WORK ORDER: Lines in which "Caliban" appears should be pulled from the data below.
[DATASET Boundary: Start]
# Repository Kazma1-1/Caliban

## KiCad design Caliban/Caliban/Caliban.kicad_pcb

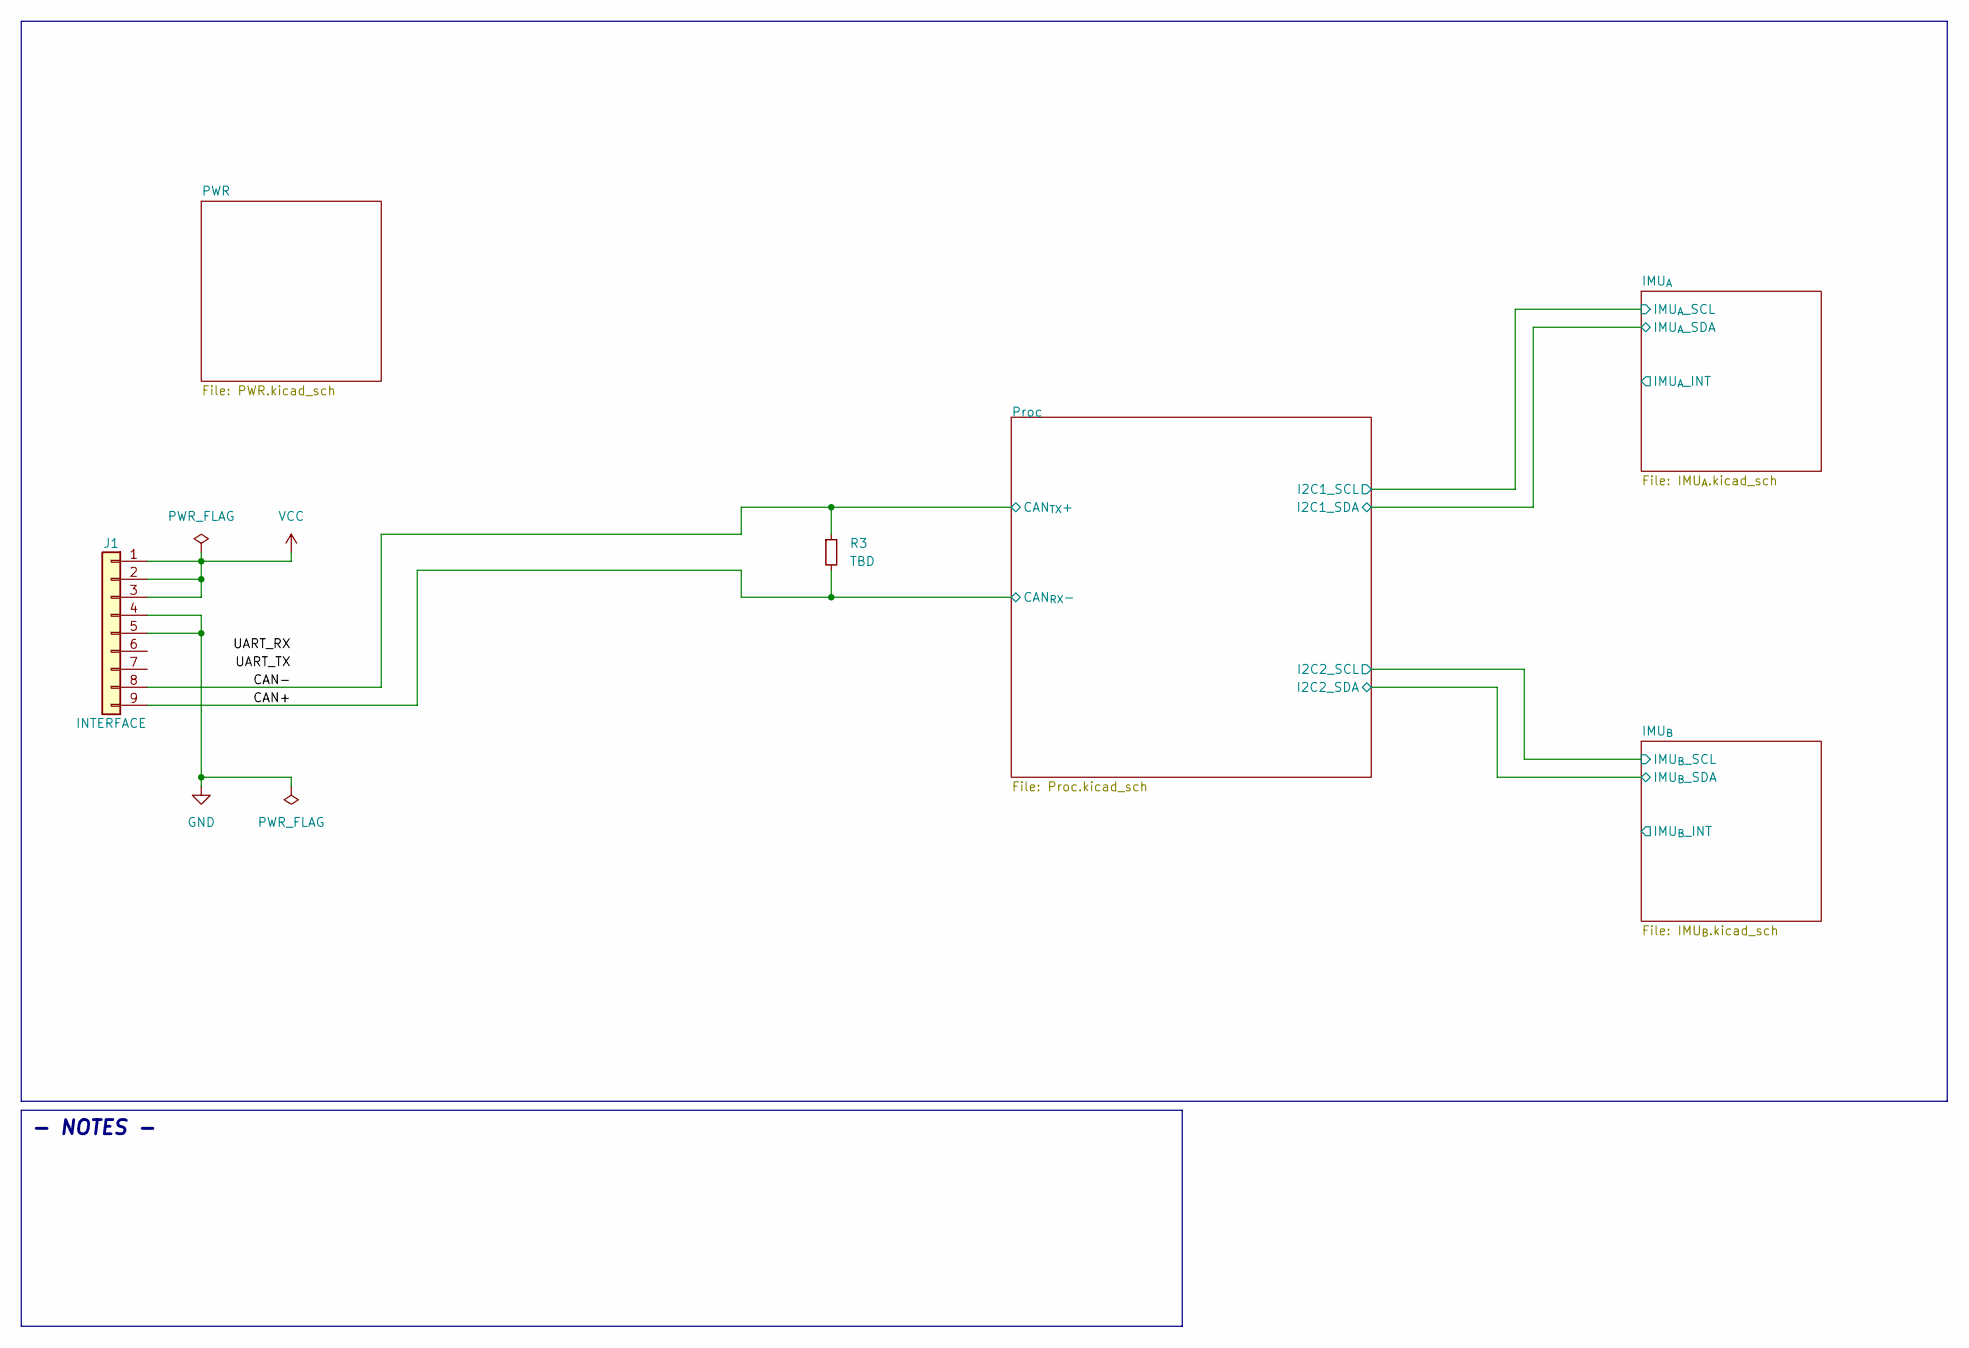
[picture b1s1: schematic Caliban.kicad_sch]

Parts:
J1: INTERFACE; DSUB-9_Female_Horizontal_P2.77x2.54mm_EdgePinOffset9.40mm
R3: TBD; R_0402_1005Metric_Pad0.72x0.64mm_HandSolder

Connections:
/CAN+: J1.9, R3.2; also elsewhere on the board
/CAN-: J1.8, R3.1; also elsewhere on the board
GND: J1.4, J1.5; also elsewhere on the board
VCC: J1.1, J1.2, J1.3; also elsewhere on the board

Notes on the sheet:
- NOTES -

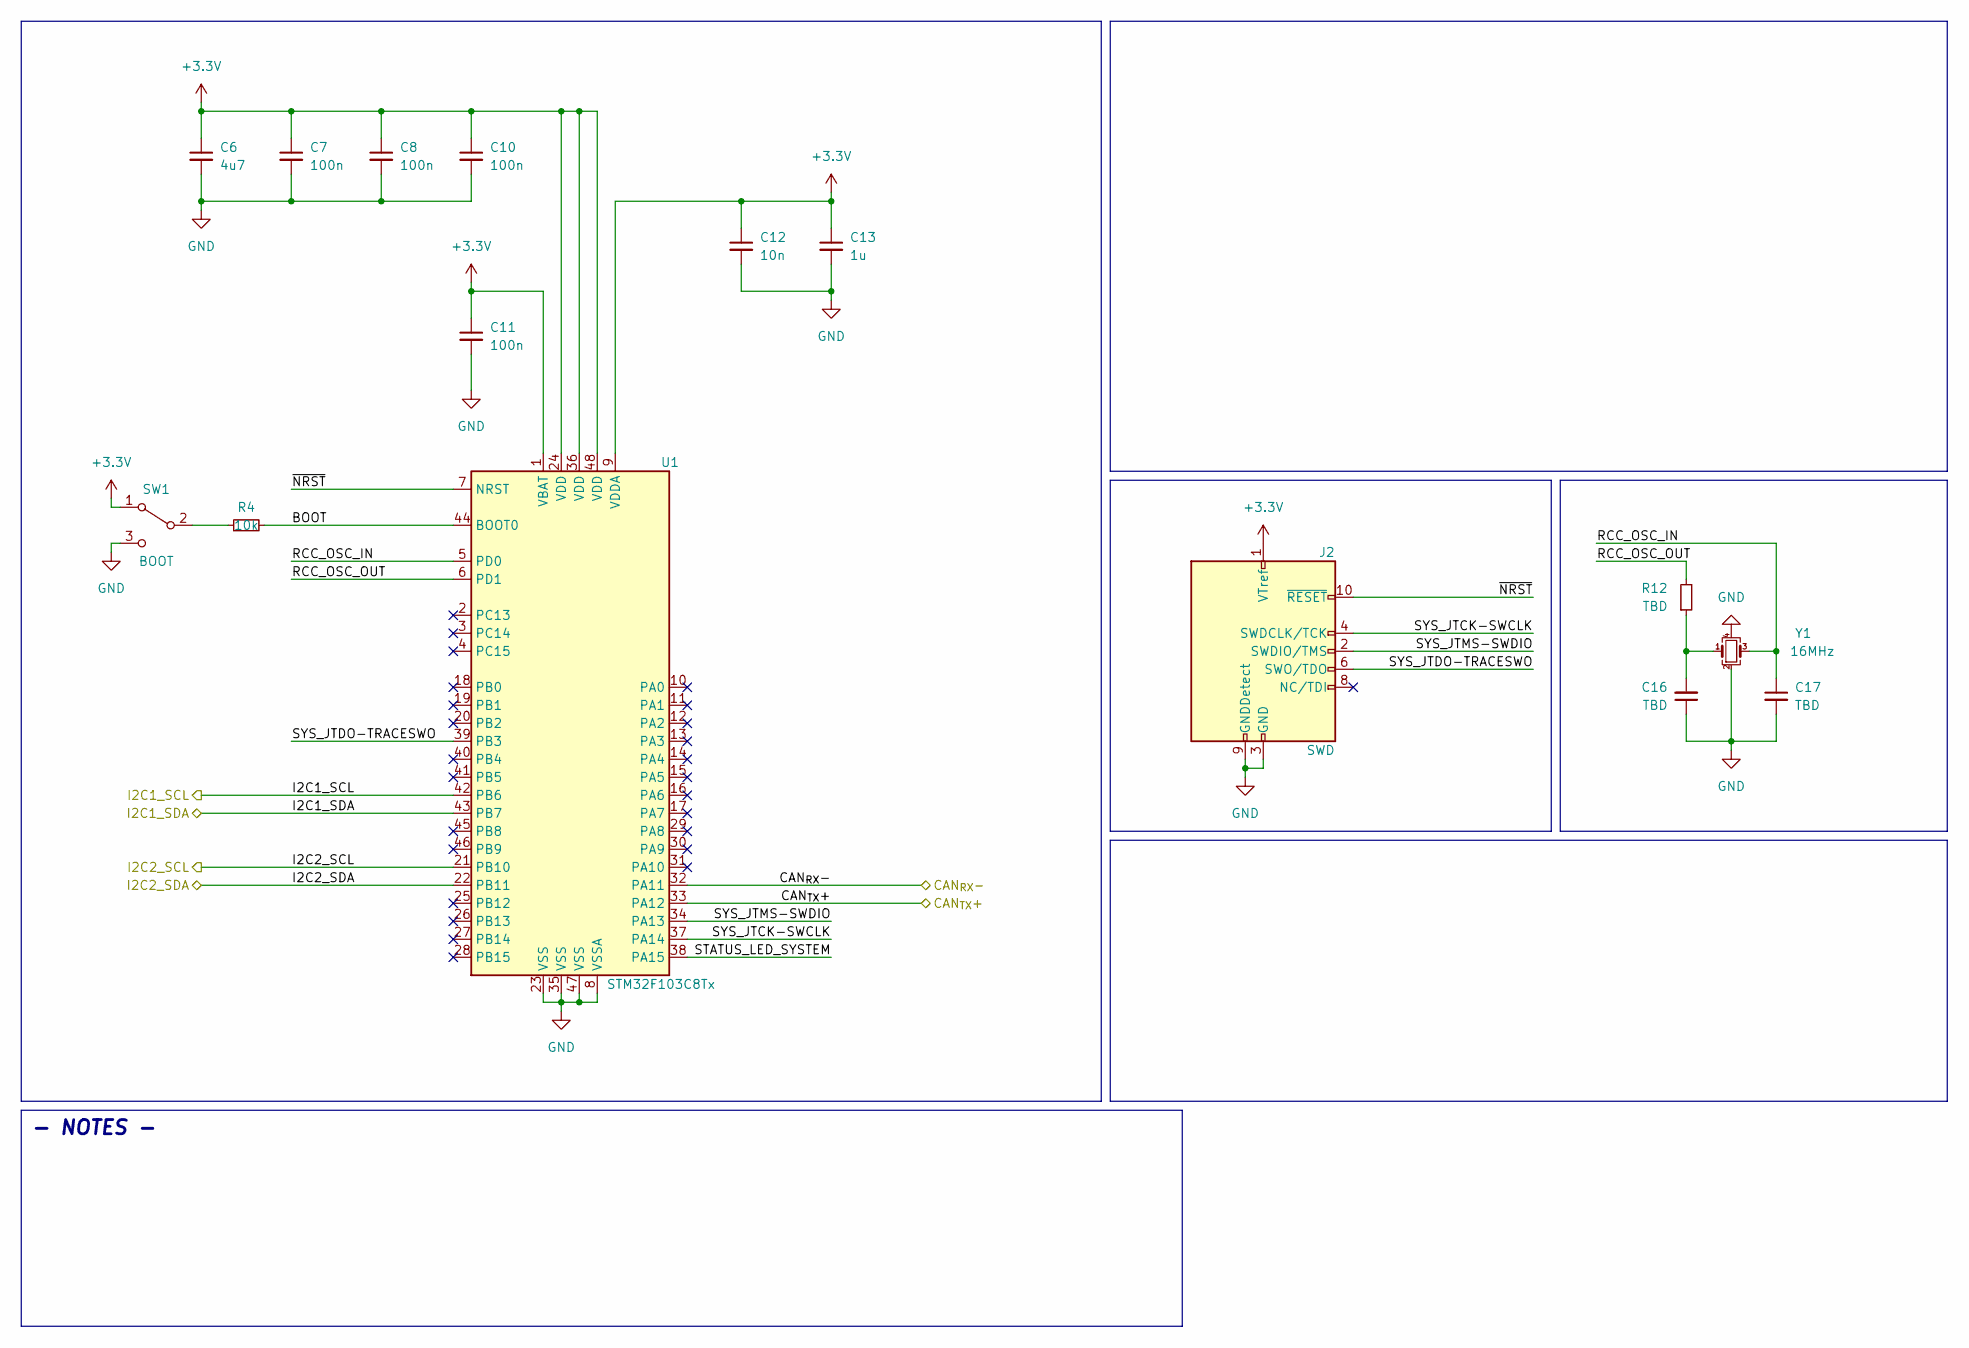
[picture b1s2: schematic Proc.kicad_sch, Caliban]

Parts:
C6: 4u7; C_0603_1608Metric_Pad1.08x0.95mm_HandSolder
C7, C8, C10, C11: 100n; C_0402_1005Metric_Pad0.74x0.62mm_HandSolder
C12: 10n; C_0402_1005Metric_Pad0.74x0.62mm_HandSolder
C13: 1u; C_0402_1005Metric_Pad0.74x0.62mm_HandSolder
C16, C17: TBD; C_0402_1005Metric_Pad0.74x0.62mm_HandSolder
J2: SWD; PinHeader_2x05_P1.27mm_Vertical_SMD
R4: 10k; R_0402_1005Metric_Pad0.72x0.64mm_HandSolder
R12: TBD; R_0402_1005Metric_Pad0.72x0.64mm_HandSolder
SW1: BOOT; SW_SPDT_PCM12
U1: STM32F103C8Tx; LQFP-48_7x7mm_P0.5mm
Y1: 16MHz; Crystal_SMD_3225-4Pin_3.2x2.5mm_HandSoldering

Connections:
[DATASET Boundary: End]
SOLUTION FOR THIS PROBLEM:
# Repository Kazma1-1/Caliban
## KiCad design Caliban/Caliban/Caliban.kicad_pcb
[picture b1s1: schematic Caliban.kicad_sch]
[picture b1s2: schematic Proc.kicad_sch, Caliban]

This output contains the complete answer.